Every mapping records its method, cosine, embed model, and any cited source. The "propose / dispose" rule holds here too: the model only picks among cosine-ranked candidates; it cannot invent a class.

Functional core, imperative shell

The same project + sift logic exists in two forms (ARC-ADR-033):

  • Imperative shell — Python (backend-core): all the IO — HTTP, Cerebras gateway, Cohere embeddings, ArcadeDB, Fuseki. The live /api/v1/ontology/* routes.
  • Functional core — F# (tools/ontology-sift/fsharp): the provable transformations. The category theory pays rent here: the IR is a coproduct (discriminated union), project is a functor (a catamorphism folding the fragment to triples), the ladder is a Result monad (L1 short-circuit) into a Validation applicative (L2–L4 accumulate), and the outcome is the coproduct Snapped | Quarantined. With FS0025-as-error, adding a stereotype case fails the build until every projection handles it — "snapped, not plausible" enforced by the compiler, not by tests.

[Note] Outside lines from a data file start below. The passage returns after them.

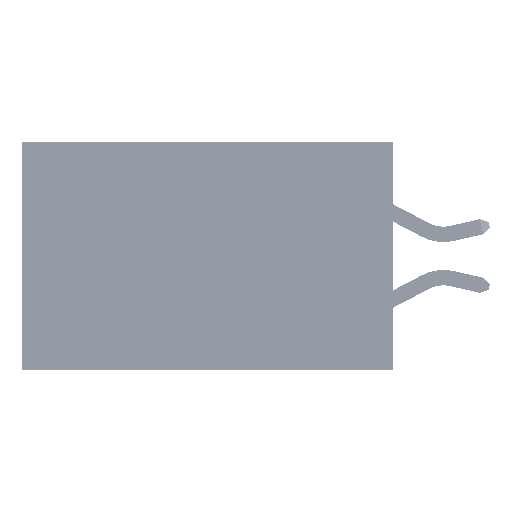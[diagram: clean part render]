
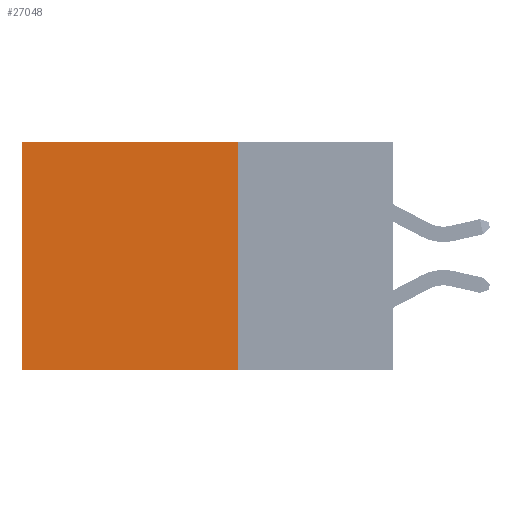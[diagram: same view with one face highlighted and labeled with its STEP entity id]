
A CAD part, left-side view. The second image highlights one B-rep face of the part: STEP entity #27048.
In plain terms, the highlighted planar face has unit normal (-1, 0, 0).
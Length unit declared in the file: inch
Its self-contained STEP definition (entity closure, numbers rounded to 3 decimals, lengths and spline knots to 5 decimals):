
#1830 = ORIENTED_EDGE ( 'NONE', *, *, #5780, .T. ) ;
#2251 = AXIS2_PLACEMENT_3D ( 'NONE', #22055, #33531, #18820 ) ;
#2702 = FACE_OUTER_BOUND ( 'NONE', #6475, .T. ) ;
#5780 = EDGE_CURVE ( 'NONE', #14651, #26979, #20097, .T. ) ;
#6475 = EDGE_LOOP ( 'NONE', ( #14346, #16748, #8131, #1830 ) ) ;
#8131 = ORIENTED_EDGE ( 'NONE', *, *, #28855, .F. ) ;
#9143 = VECTOR ( 'NONE', #19988, 39.37008 ) ;
#9574 = LINE ( 'NONE', #16689, #29916 ) ;
#12429 = VERTEX_POINT ( 'NONE', #32732 ) ;
#14346 = ORIENTED_EDGE ( 'NONE', *, *, #26588, .T. ) ;
#14651 = VERTEX_POINT ( 'NONE', #32349 ) ;
#15039 = CARTESIAN_POINT ( 'NONE',  ( 0.2875, 0.6, 0. ) ) ;
#16535 = VECTOR ( 'NONE', #17189, 39.37008 ) ;
#16689 = CARTESIAN_POINT ( 'NONE',  ( 0.2875, 0.25, -0.37 ) ) ;
#16748 = ORIENTED_EDGE ( 'NONE', *, *, #21354, .F. ) ;
#16850 = DIRECTION ( 'NONE',  ( 0., 1., 0. ) ) ;
#17189 = DIRECTION ( 'NONE',  ( 0., 0., -1. ) ) ;
#18820 = DIRECTION ( 'NONE',  ( 0., 0., -1. ) ) ;
#19988 = DIRECTION ( 'NONE',  ( 0., 0., -1. ) ) ;
#20097 = LINE ( 'NONE', #20265, #47301 ) ;
#20265 = CARTESIAN_POINT ( 'NONE',  ( 0.2875, 0.25, 0. ) ) ;
#21354 = EDGE_CURVE ( 'NONE', #12429, #30781, #9574, .T. ) ;
#22055 = CARTESIAN_POINT ( 'NONE',  ( 0.2875, 0.25, 0. ) ) ;
#23180 = DIRECTION ( 'NONE',  ( 0., 1., 0. ) ) ;
#26588 = EDGE_CURVE ( 'NONE', #26979, #30781, #41065, .T. ) ;
#26979 = VERTEX_POINT ( 'NONE', #15039 ) ;
#27048 = ADVANCED_FACE ( 'NONE', ( #2702 ), #40672, .F. ) ;
#28504 = CARTESIAN_POINT ( 'NONE',  ( 0.2875, 0.25, 0. ) ) ;
#28855 = EDGE_CURVE ( 'NONE', #14651, #12429, #37418, .T. ) ;
#29916 = VECTOR ( 'NONE', #16850, 39.37008 ) ;
#30781 = VERTEX_POINT ( 'NONE', #36061 ) ;
#32349 = CARTESIAN_POINT ( 'NONE',  ( 0.2875, 0.25, 0. ) ) ;
#32732 = CARTESIAN_POINT ( 'NONE',  ( 0.2875, 0.25, -0.37 ) ) ;
#33531 = DIRECTION ( 'NONE',  ( 1., 0., 0. ) ) ;
#36061 = CARTESIAN_POINT ( 'NONE',  ( 0.2875, 0.6, -0.37 ) ) ;
#37418 = LINE ( 'NONE', #28504, #16535 ) ;
#40672 = PLANE ( 'NONE',  #2251 ) ;
#41065 = LINE ( 'NONE', #42312, #9143 ) ;
#42312 = CARTESIAN_POINT ( 'NONE',  ( 0.2875, 0.6, 0. ) ) ;
#47301 = VECTOR ( 'NONE', #23180, 39.37008 ) ;
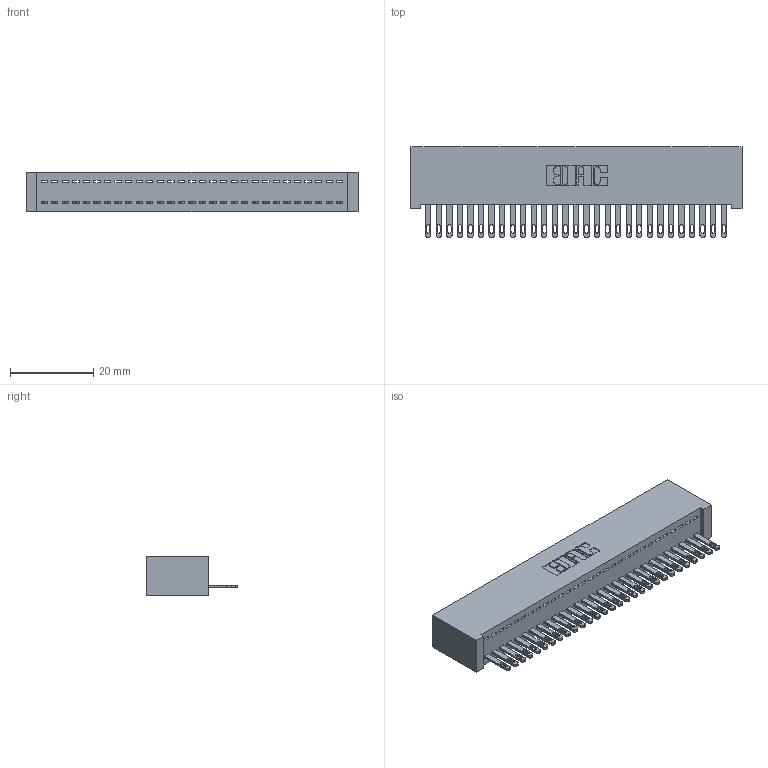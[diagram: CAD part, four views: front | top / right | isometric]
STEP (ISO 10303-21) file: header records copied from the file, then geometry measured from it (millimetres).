
FILE_DESCRIPTION (( 'STEP AP203' ), '1' );
FILE_NAME ('892-029-500-101.STEP', '2020-09-21T14:58:40', ( '' ), ( '' ), 'SwSTEP 2.0', 'SolidWorks 2020', '' );
FILE_SCHEMA (( 'CONFIG_CONTROL_DESIGN' ));
Length unit declared in the file: inch
Products named in the file (3): 842 Part_Lugless; 892-029-500-101; 345-292-001_345-293-100
Assembly tree (30 placements, depth 2):
  892-029-500-101
    842 Part_Lugless
    345-292-001_345-293-100  x29
Bounding box: 79.91 x 21.85 x 9.4 mm (x, y, z)
Volume: 7385.4 mm3; surface area: 10982.8 mm2
Topology: 30 solids, 30 shells, 1668 faces, 5147 edges, 3430 vertices
Faces by surface type: plane 1106, cylinder 562
Entity records: 18931 total; most frequent: CARTESIAN_POINT 3273, ORIENTED_EDGE 3238, DIRECTION 2781, EDGE_CURVE 1619, LINE 1495, VECTOR 1495, VERTEX_POINT 1078, AXIS2_PLACEMENT_3D 643

See tools/ontology-sift/fsharp/README.md.

Provenance, end to end

PROV-O threads the whole chain, so the canonical commit is auditable:

source span ─ wasDerivedFrom ─▶ concept ─ wasGeneratedBy ─▶ propose activity (proposer + prompt hash)
concept ─ skos:exactMatch/closeMatch/subClassOf ─▶ mid:Class
   └─ wasGeneratedBy ─▶ map activity (method, cosine, embed model, citedSource?)

Run it

Want How
See the whole thing on a real doc backend-core/notebooks/ontology_pipeline_e2e.ipynb → Run All (needs backend-core :8000 + Fuseki :3030)
Call the pipeline POST /api/v1/ontology/pipeline { "source_text", "source_doc", "proposer": "gateway" }
Prove the F# core dotnet run --project tools/ontology-sift/fsharp (parity doctor)
Offline, no LLM tools/ontology-sift/doctor.py (fixture proposer; deterministic)

Where it lives

  • backend-core/app/ontology/sift_engine.py, proposer.py, midlevel.py, pipeline.py, arcade_schema.py, api.py; discipline/ (IR schema, gUFO/BFO-lite TTLs, SHACL shapes, midlevel/business-mid.ttl).
  • tools/ontology-sift/ — the Python reference + offline doctor + spikes/ + fsharp/ (the compiler core).
  • Contract: backend-core/contracts/backend-core.openapi.json (/api/v1/ontology/*).

Status

Implemented and proven live on the "Three makes a tiger" document (2026-05-29): 57 chunks → vector index; one fragment snapped (all four gates green); 11 concepts mapped (3 exact / 4 close / 4 escalated + cited zai-glm-4.7); 183 triples in Fuseki. Shipped in backend-core #130 and hub #336.